Notes on pattern matching in Scala
This is a write-up of a quick presentation for summarizing Scala's pattern matching facilities. I'll walk through a couple of examples and try to point out interesting options and some lessons I've learned.
Background
Pattern matching has many meanings to different people, even if we limit the context to programming languages – so what do I mean? I don't mean regular expression matching. I also don't mean splitting function definitions up based on patterns like you can in Haskell and many other languages:
fac 0 = 1
fac n = n * fac n - 1
For me, pattern matching is a useful tool that allows binding functionality to data structures in a declarative way. This comes back to a difference that I see between the two paradigms of object-oriented and functional programming: The former aims to keep data and functionality close together, while the latter separates them as orthogonal concerns. Pattern matching is most common in functional languages and can be seen as supportive glue between data and functionality.
Basics
Let's look at a short example for pattern matching in Scala:
val target = Option("Peter")
target match {
case Some(n) ⇒ println(s"yay, found $n!")
case None ⇒ println(":(")
}
Will print:
yay, found Peter!
From a high-level the match functionality looks like a switch statement: We have a couple of clauses with a pattern that acts as a guard on the left and associated functionality on the right side. One difference to note is that we can bind a value to a name and refer to it via the name on the right side.

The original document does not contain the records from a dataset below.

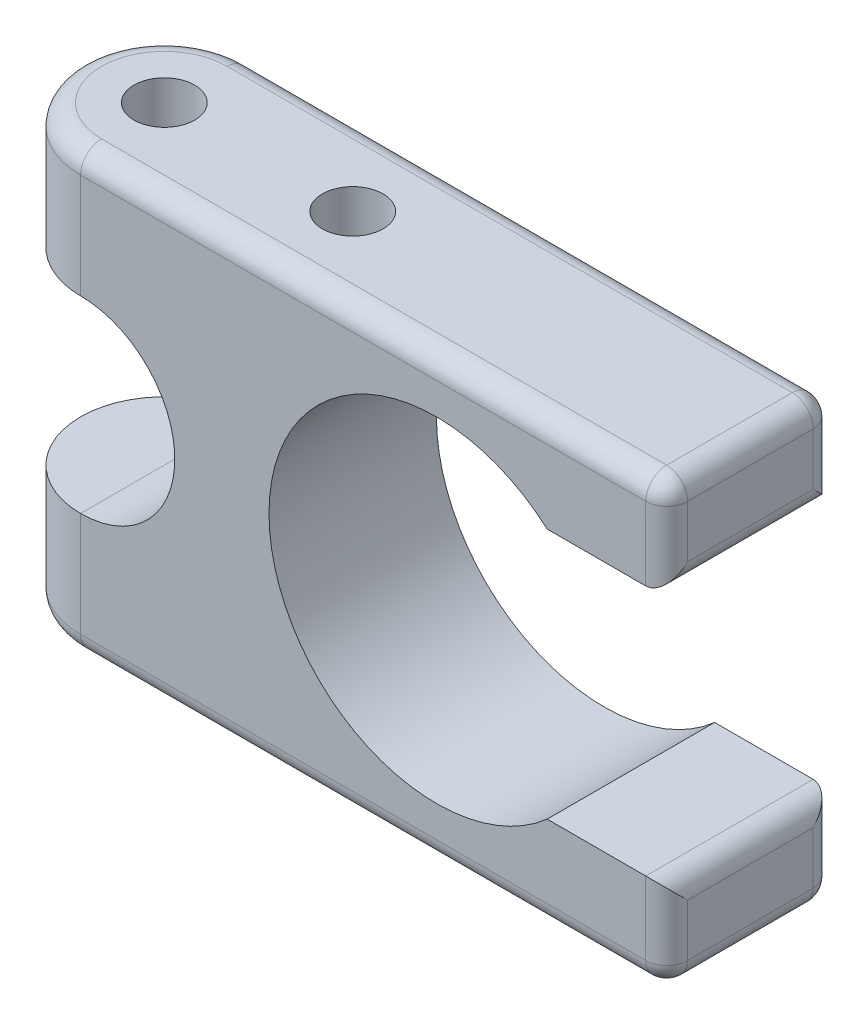
ISO-10303-21;
HEADER;
FILE_DESCRIPTION(('STEP AP214'),'2;1');
FILE_NAME('part.step','',(''),(''),'','','');
FILE_SCHEMA(('AUTOMOTIVE_DESIGN { 1 0 10303 214 1 1 1 1 }'));
ENDSEC;
DATA;
#1=APPLICATION_CONTEXT('core data for automotive mechanical design processes');
#2=APPLICATION_PROTOCOL_DEFINITION('international standard','automotive_design',2000,#1);
#3=PRODUCT_CONTEXT('',#1,'mechanical');
#4=PRODUCT('Part','Part','',(#3));
#5=PRODUCT_RELATED_PRODUCT_CATEGORY('part','',(#4));
#6=PRODUCT_DEFINITION_FORMATION('','',#4);
#7=PRODUCT_DEFINITION_CONTEXT('part definition',#1,'design');
#8=PRODUCT_DEFINITION('design','',#6,#7);
#9=PRODUCT_DEFINITION_SHAPE('','',#8);
#10=(LENGTH_UNIT() NAMED_UNIT(*) SI_UNIT(.MILLI.,.METRE.));
#11=(NAMED_UNIT(*) PLANE_ANGLE_UNIT() SI_UNIT($,.RADIAN.));
#12=(NAMED_UNIT(*) SI_UNIT($,.STERADIAN.) SOLID_ANGLE_UNIT());
#13=UNCERTAINTY_MEASURE_WITH_UNIT(LENGTH_MEASURE(1.E-05),#10,'distance_accuracy_value','');
#14=(GEOMETRIC_REPRESENTATION_CONTEXT(3) GLOBAL_UNCERTAINTY_ASSIGNED_CONTEXT((#13)) GLOBAL_UNIT_ASSIGNED_CONTEXT((#10,
#11,#12)) REPRESENTATION_CONTEXT('',''));
#15=CARTESIAN_POINT('',(0.,0.,0.));
#16=DIRECTION('',(0.,0.,1.));
#17=DIRECTION('',(1.,0.,0.));
#18=AXIS2_PLACEMENT_3D('',#15,#16,#17);
#19=CARTESIAN_POINT('',(-12.,10.5,4.));
#20=DIRECTION('',(0.,-1.,0.));
#21=DIRECTION('',(1.,0.,0.));
#22=AXIS2_PLACEMENT_3D('',#19,#20,#21);
#23=CYLINDRICAL_SURFACE('',#22,4.);
#24=DIRECTION('',(0.,1.,0.));
#25=VECTOR('',#24,1.);
#26=CARTESIAN_POINT('',(-12.,10.5,0.));
#27=LINE('',#26,#25);
#28=CARTESIAN_POINT('',(-12.,4.5,0.));
#29=VERTEX_POINT('',#28);
#30=CARTESIAN_POINT('',(-12.,9.5,0.));
#31=VERTEX_POINT('',#30);
#32=EDGE_CURVE('E203',#29,#31,#27,.T.);
#33=ORIENTED_EDGE('',*,*,#32,.F.);
#34=CARTESIAN_POINT('',(-12.,4.5,4.));
#35=DIRECTION('',(0.,-1.,0.));
#36=DIRECTION('',(1.,0.,0.));
#37=AXIS2_PLACEMENT_3D('',#34,#35,#36);
#38=CIRCLE('',#37,4.);
#39=CARTESIAN_POINT('',(-12.,4.5,8.));
#40=VERTEX_POINT('',#39);
#41=EDGE_CURVE('E182',#40,#29,#38,.T.);
#42=ORIENTED_EDGE('',*,*,#41,.F.);
#43=DIRECTION('',(0.,-1.,0.));
#44=VECTOR('',#43,1.);
#45=CARTESIAN_POINT('',(-12.,0.,8.));
#46=LINE('',#45,#44);
#47=CARTESIAN_POINT('',(-12.,9.5,8.));
#48=VERTEX_POINT('',#47);
#49=EDGE_CURVE('E207',#48,#40,#46,.T.);
#50=ORIENTED_EDGE('',*,*,#49,.F.);
#51=CARTESIAN_POINT('',(-12.,9.5,4.));
#52=DIRECTION('',(0.,-1.,0.));
#53=DIRECTION('',(1.,0.,0.));
#54=AXIS2_PLACEMENT_3D('',#51,#52,#53);
#55=CIRCLE('',#54,4.);
#56=EDGE_CURVE('E225',#48,#31,#55,.T.);
#57=ORIENTED_EDGE('',*,*,#56,.T.);
#58=EDGE_LOOP('',(#33,#42,#50,#57));
#59=FACE_BOUND('',#58,.T.);
#60=ADVANCED_FACE('F37',(#59),#23,.T.);
#61=CARTESIAN_POINT('',(-12.,-4.5,8.));
#62=VERTEX_POINT('',#61);
#63=CARTESIAN_POINT('',(-12.,-9.5,8.));
#64=VERTEX_POINT('',#63);
#65=EDGE_CURVE('E196',#62,#64,#46,.T.);
#66=ORIENTED_EDGE('',*,*,#65,.F.);
#67=CARTESIAN_POINT('',(-12.,-4.5,4.));
#68=DIRECTION('',(0.,1.,0.));
#69=DIRECTION('',(-1.,0.,0.));
#70=AXIS2_PLACEMENT_3D('',#67,#68,#69);
#71=CIRCLE('',#70,4.);
#72=CARTESIAN_POINT('',(-12.,-4.5,0.));
#73=VERTEX_POINT('',#72);
#74=EDGE_CURVE('E187',#73,#62,#71,.T.);
#75=ORIENTED_EDGE('',*,*,#74,.F.);
#76=CARTESIAN_POINT('',(-12.,-9.50000000000001,0.));
#77=VERTEX_POINT('',#76);
#78=EDGE_CURVE('E195',#77,#73,#27,.T.);
#79=ORIENTED_EDGE('',*,*,#78,.F.);
#80=CARTESIAN_POINT('',(-12.,-9.50000000000001,4.));
#81=DIRECTION('',(0.,1.,0.));
#82=DIRECTION('',(-1.,0.,0.));
#83=AXIS2_PLACEMENT_3D('',#80,#81,#82);
#84=CIRCLE('',#83,4.);
#85=EDGE_CURVE('E228',#77,#64,#84,.T.);
#86=ORIENTED_EDGE('',*,*,#85,.T.);
#87=EDGE_LOOP('',(#66,#75,#79,#86));
#88=FACE_BOUND('',#87,.T.);
#89=ADVANCED_FACE('F193',(#88),#23,.T.);
#90=CARTESIAN_POINT('',(16.,10.5,8.));
#91=DIRECTION('',(-1.,0.,0.));
#92=DIRECTION('',(0.,-1.,0.));
#93=AXIS2_PLACEMENT_3D('',#90,#91,#92);
#94=PLANE('',#93);
#95=DIRECTION('',(0.,1.,0.));
#96=VECTOR('',#95,1.);
#97=CARTESIAN_POINT('',(16.,-5.99999999999999,1.));
#98=LINE('',#97,#96);
#99=CARTESIAN_POINT('',(16.,-9.5,1.));
#100=VERTEX_POINT('',#99);
#101=CARTESIAN_POINT('',(16.,-7.,1.));
#102=VERTEX_POINT('',#101);
#103=EDGE_CURVE('E251',#100,#102,#98,.T.);
#104=ORIENTED_EDGE('',*,*,#103,.T.);
#105=DIRECTION('',(0.,0.,1.));
#106=VECTOR('',#105,1.);
#107=CARTESIAN_POINT('',(16.,-7.,8.));
#108=LINE('',#107,#106);
#109=CARTESIAN_POINT('',(16.,-7.,7.));
#110=VERTEX_POINT('',#109);
#111=EDGE_CURVE('E254',#102,#110,#108,.T.);
#112=ORIENTED_EDGE('',*,*,#111,.T.);
#113=DIRECTION('',(0.,1.,0.));
#114=VECTOR('',#113,1.);
#115=CARTESIAN_POINT('',(16.,10.5,7.));
#116=LINE('',#115,#114);
#117=CARTESIAN_POINT('',(16.,-9.5,7.));
#118=VERTEX_POINT('',#117);
#119=EDGE_CURVE('E249',#110,#118,#116,.F.);
#120=ORIENTED_EDGE('',*,*,#119,.T.);
#121=DIRECTION('',(0.,0.,-1.));
#122=VECTOR('',#121,1.);
#123=CARTESIAN_POINT('',(16.,-9.5,8.));
#124=LINE('',#123,#122);
#125=EDGE_CURVE('E247',#118,#100,#124,.T.);
#126=ORIENTED_EDGE('',*,*,#125,.T.);
#127=EDGE_LOOP('',(#104,#112,#120,#126));
#128=FACE_BOUND('',#127,.T.);
#129=ADVANCED_FACE('F424',(#128),#94,.F.);
#130=CARTESIAN_POINT('',(16.,-10.5,8.));
#131=DIRECTION('',(0.,1.,0.));
#132=DIRECTION('',(-1.,0.,0.));
#133=AXIS2_PLACEMENT_3D('',#130,#131,#132);
#134=PLANE('',#133);
#135=CARTESIAN_POINT('',(-12.,-10.5,4.));
#136=DIRECTION('',(0.,-1.,0.));
#137=DIRECTION('',(0.,0.,-1.));
#138=AXIS2_PLACEMENT_3D('',#135,#136,#137);
#139=CIRCLE('',#138,1.44999999999999);
#140=CARTESIAN_POINT('',(-12.,-10.5,2.55000000000001));
#141=VERTEX_POINT('',#140);
#142=EDGE_CURVE('E403',#141,#141,#139,.T.);
#143=ORIENTED_EDGE('',*,*,#142,.F.);
#144=EDGE_LOOP('',(#143));
#145=FACE_BOUND('',#144,.T.);
#146=CARTESIAN_POINT('',(-3.,-10.5,4.));
#147=DIRECTION('',(0.,-1.,0.));
#148=DIRECTION('',(0.,0.,-1.));
#149=AXIS2_PLACEMENT_3D('',#146,#147,#148);
#150=CIRCLE('',#149,1.44999999999999);
#151=CARTESIAN_POINT('',(-3.,-10.5,2.55000000000001));
#152=VERTEX_POINT('',#151);
#153=EDGE_CURVE('E397',#152,#152,#150,.T.);
#154=ORIENTED_EDGE('',*,*,#153,.F.);
#155=EDGE_LOOP('',(#154));
#156=FACE_BOUND('',#155,.T.);
#157=CARTESIAN_POINT('',(-12.,-10.5,4.));
#158=DIRECTION('',(0.,1.,0.));
#159=DIRECTION('',(-1.,0.,0.));
#160=AXIS2_PLACEMENT_3D('',#157,#158,#159);
#161=CIRCLE('',#160,3.);
#162=CARTESIAN_POINT('',(-12.,-10.5,7.));
#163=VERTEX_POINT('',#162);
#164=CARTESIAN_POINT('',(-12.,-10.5,1.));
#165=VERTEX_POINT('',#164);
#166=EDGE_CURVE('E212',#163,#165,#161,.F.);
#167=ORIENTED_EDGE('',*,*,#166,.T.);
#168=DIRECTION('',(1.,0.,0.));
#169=VECTOR('',#168,1.);
#170=CARTESIAN_POINT('',(16.,-10.5,1.));
#171=LINE('',#170,#169);
#172=CARTESIAN_POINT('',(15.,-10.5,1.));
#173=VERTEX_POINT('',#172);
#174=EDGE_CURVE('E214',#165,#173,#171,.T.);
#175=ORIENTED_EDGE('',*,*,#174,.T.);
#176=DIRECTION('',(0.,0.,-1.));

In Scala there is no need to be complete when you list the case statements, the following works just fine:
val target = Option("Hans") target match { case Some(n) ⇒ println(s"yay, found $n!") }
Will print:
yay, found Hans!
But keep in mind that all of this ends up being matched at runtime, and there is
no guarantee that the clauses include patterns that match a given value. The
following will fail at runtime with a MatchError
:
val target = Option.empty[String]
target match {
case Some(n) ⇒ println(s"yay, found $n!")
}
But the compiler tries to warn you about this:
warning: match may not be exhaustive.
It would fail on the following input: None
But let's keep matching values. We used n
to bind a string value in a previous
example. Lower case identifiers can be seen as wildcard patterns, they match
anything:
val target = Option("Hans")
target match {
case p ⇒ println(s"yay, got value $p!")
}
This will print:
yay, got value Some(Hans)!
Really, anything:
null match {
case p ⇒ println(s"yay, got a strange value: $p!")
}
Will print:
yay, got a strange value: null!
So if lower case identifiers are wildcard patterns, how can I refer back to a
value that is bound outside the match
statement? There are at least two ways:
The first just escapes the naming convention by using an upper case letter to
start the identifier:
val target = Option("Hans")
val FirstName = "Hans"
target match {
case Some(FirstName) ⇒ println(s"yay, found $FirstName!")
}
Will cheerfully print:
yay, found Hans!
Where the following would run through the second clause:
val target = Option("Hans")
val FirstName = "Peter"
target match {
case Some(FirstName) ⇒ println(s"yay, found $FirstName!")
case wildcard ⇒ println(s"unsure, found: $wildcard")
}
And print:
unsure, found: Some(Hans)
An alternative approach is to add markup to the name to tell the parser that you mean to refer to an identifier rather than declaring a wildcard pattern. You can do this by adding backticks around the name:
val target = Option("Hans")
val firstName = "Hans"
target match {
case Some(`firstName`) ⇒ println(s"yay, found $firstName!")
}
Will print:
yay, found Hans!
Now that we know that we can bind values to names via wildcard patterns a follow up question, that @archevel brought up, is whether one could refer back to a name and what the semantics would be in that case. So for example, what happens here:
val target = Tuple2("Hans", "Hans")
target match {
case Tuple2(n, n) ⇒ println(s"yay, found $n!")
}
The Scala compiler won't allow this and tells us that we can't re-use names:
error: n is already defined as value n
Typecase
Another basic pattern is a simple type check:
val x: Any = 21
x match {
case i: Int ⇒ println(s"got an int smaller than ${i + 1}")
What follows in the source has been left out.